[Start of section]

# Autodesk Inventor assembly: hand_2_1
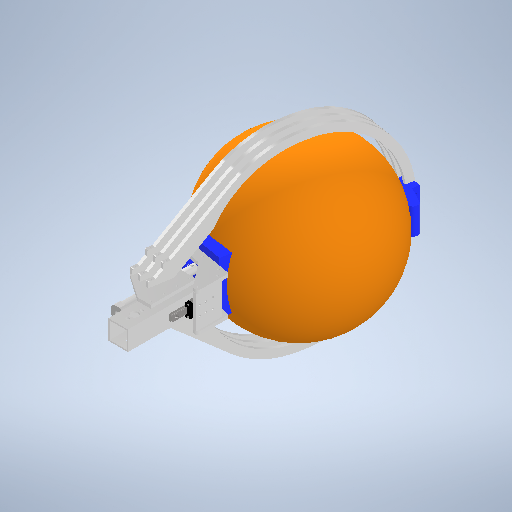
[picture p0: Inventor's stored thumbnail of the model, 512x512]
Saved by Autodesk Inventor 2025.1 (Build 291241000, 241)
## iProperties
Created: 2025-02-02
Part Number: hand_2_1
Document SubType Name: Assembly
Designer: ryogo
Author: ryogo
## Documents named in this file (17)
- D:\A　ロボコン\学ロボ2025\ハンド案②\Workspaces\作業スペース\hand_2_1.iam
- D:\A　ロボコン\学ロボ2025\ハンド案②\Workspaces\作業スペース\hand2_03.ipt
- D:\A　ロボコン\学ロボ2025\ハンド案②\Workspaces\作業スペース\hand2_04.ipt
- D:\A　ロボコン\学ロボ2025\ハンド案②\Workspaces\作業スペース\hand2_05.ipt
- D:\A　ロボコン\学ロボ2025\ハンド案②\Workspaces\作業スペース\hand2_06.ipt
- D:\A　ロボコン\学ロボ2025\ハンド案②\Workspaces\作業スペース\パーツリスト\SSE2B-MX10-455_r.ipt
- D:\A　ロボコン\学ロボ2025\ハンド案②\Workspaces\作業スペース\パーツリスト\SSEB-MX10_b.ipt
- D:\A　ロボコン\学ロボ2025\ハンド案②\Workspaces\作業スペース\hand2_08.ipt
- D:\A　ロボコン\学ロボ2025\ハンド案②\Workspaces\作業スペース\パーツリスト\CJ2B16-15RZ(1_0)_BODY.ipt
- D:\A　ロボコン\学ロボ2025\ハンド案②\Workspaces\作業スペース\パーツリスト\CJ2B16-15Z_ROD.ipt
- D:\A　ロボコン\学ロボ2025\ハンド案②\Workspaces\作業スペース\hand2_09.ipt
- D:\A　ロボコン\学ロボ2025\ハンド案②\Workspaces\作業スペース\hand2_10.ipt
- D:\A　ロボコン\学ロボ2025\ハンド案②\Workspaces\作業スペース\hand2_11.ipt
- D:\A　ロボコン\学ロボ2025\ハンド案②\Workspaces\作業スペース\hand2_12.ipt
- D:\A　ロボコン\学ロボ2025\ハンド案②\Workspaces\作業スペース\バスケボール（仮）.ipt
- D:\A　ロボコン\学ロボ2025\ハンド案②\Workspaces\作業スペース\hand2_13.ipt
- D:\A　ロボコン\学ロボ2025\ハンド案②\Workspaces\作業スペース\hand2_14.ipt
## Components (23 placed, 16 different names)
1. hand2_03:1 — 挿入:17, 挿入:18, フラッシュ:1, フラッシュ:2, 挿入:23, 挿入:40
2. hand2_04:1 — 挿入:11, 挿入:12, 挿入:13, 挿入:14, 挿入:15, 挿入:16, 挿入:25, フラッシュ:3
3. hand2_05:1 — 挿入:5, 挿入:6
4. hand2_06:1 — 挿入:7, 挿入:8
5. hand2_04:2 — 挿入:5, 挿入:6, 挿入:7, 挿入:8, 挿入:9, 挿入:10, 挿入:23, 挿入:26, 挿入:40, フラッシュ:3
6. hand2_05:2 — 挿入:9, 挿入:10, 挿入:42
7. hand2_05:3 — 挿入:11, 挿入:12
8. hand2_05:4 — 挿入:13, 挿入:14, 挿入:41
9. hand2_06:2 — 挿入:15, 挿入:16
10. SSE2B-MX10-455_r:1 — 挿入:17, 挿入:18
11. SSEB-MX10_b:1 — フラッシュ:1, フラッシュ:2, 挿入:33, 挿入:34
12. hand2_08:1 — 挿入:21, 角度:1, 挿入:25, 挿入:26
13. CJ2B16-15RZ(1_0)_BODY:1 — 円柱状:1, 挿入:21, 角度:1
14. CJ2B16-15Z_ROD:1 — 円柱状:1, 挿入:24
15. hand2_09:1 — 挿入:24, 円柱状:2
16. hand2_10:1 — 挿入:29, 挿入:30, 円柱状:2, 挿入:39
17. hand2_11:1 — 挿入:29, 挿入:30, 挿入:31, 挿入:32, 挿入:33, 挿入:34
18. hand2_10:2 — 挿入:31, 挿入:32, 挿入:36, 挿入:37
19. hand2_12:1 — 挿入:36, 挿入:38
20. hand2_12:3 — 挿入:37
21. バスケボール（仮）:1
22. hand2_13:1 — 挿入:38, 挿入:39
23. hand2_14:1 — 挿入:41, 挿入:42
## Relationships (38: Insert 32, Flush 3, CylindricalJoint 2, Angle 1)
- 挿入:5 [Insert]: hand2_05:1 ↔ hand2_04:2
- 挿入:6 [Insert]: hand2_05:1 ↔ hand2_04:2
- 挿入:7 [Insert]: hand2_06:1 ↔ hand2_04:2
- 挿入:8 [Insert]: hand2_06:1 ↔ hand2_04:2
- 挿入:9 [Insert]: hand2_04:2 ↔ hand2_05:2
- 挿入:10 [Insert]: hand2_04:2 ↔ hand2_05:2
- 挿入:11 [Insert]: hand2_04:1 ↔ hand2_05:3
- 挿入:12 [Insert]: hand2_04:1 ↔ hand2_05:3
- 挿入:13 [Insert]: hand2_04:1 ↔ hand2_05:4
- 挿入:14 [Insert]: hand2_04:1 ↔ hand2_05:4
- 挿入:15 [Insert]: hand2_04:1 ↔ hand2_06:2
- 挿入:16 [Insert]: hand2_04:1 ↔ hand2_06:2
- 挿入:17 [Insert]: hand2_03:1 ↔ SSE2B-MX10-455_r:1
- 挿入:18 [Insert]: hand2_03:1 ↔ SSE2B-MX10-455_r:1
- フラッシュ:1 [Flush] (-10 mm): hand2_03:1 ↔ SSEB-MX10_b:1
- フラッシュ:2 [Flush] (-5 mm): hand2_03:1 ↔ SSEB-MX10_b:1
- 円柱状:1 [CylindricalJoint]: CJ2B16-15RZ(1_0)_BODY:1 ↔ CJ2B16-15Z_ROD:1
- 挿入:21 [Insert]: hand2_08:1 ↔ CJ2B16-15RZ(1_0)_BODY:1
- 角度:1 [Angle] (0 deg): hand2_08:1 ↔ CJ2B16-15RZ(1_0)_BODY:1
- 挿入:23 [Insert]: hand2_03:1 ↔ hand2_04:2
- 挿入:24 [Insert] (5 mm): CJ2B16-15Z_ROD:1 ↔ hand2_09:1
- 挿入:25 [Insert]: hand2_04:1 ↔ hand2_08:1
- 挿入:26 [Insert]: hand2_04:2 ↔ hand2_08:1
- 挿入:29 [Insert]: hand2_10:1 ↔ hand2_11:1
- 挿入:30 [Insert]: hand2_10:1 ↔ hand2_11:1
- 挿入:31 [Insert]: hand2_11:1 ↔ hand2_10:2
- 挿入:32 [Insert]: hand2_11:1 ↔ hand2_10:2
- 円柱状:2 [CylindricalJoint]: hand2_09:1 ↔ hand2_10:1
- 挿入:33 [Insert]: SSEB-MX10_b:1 ↔ hand2_11:1
- 挿入:34 [Insert]: SSEB-MX10_b:1 ↔ hand2_11:1
- 挿入:36 [Insert]: hand2_10:2 ↔ hand2_12:1
- 挿入:37 [Insert]: hand2_10:2 ↔ hand2_12:3
- 挿入:38 [Insert]: hand2_12:1 ↔ hand2_13:1
- 挿入:39 [Insert]: hand2_10:1 ↔ hand2_13:1
- 挿入:40 [Insert]: hand2_03:1 ↔ hand2_04:2
- フラッシュ:3 [Flush]: hand2_04:1 ↔ hand2_04:2
- 挿入:41 [Insert]: hand2_05:4 ↔ hand2_14:1
- 挿入:42 [Insert]: hand2_05:2 ↔ hand2_14:1

[End of section]

WHAT TO DO: Tally lines in the listing above that include the word "CylindricalJoint"; respond with that number only.

FINISHED EXERCISE: 3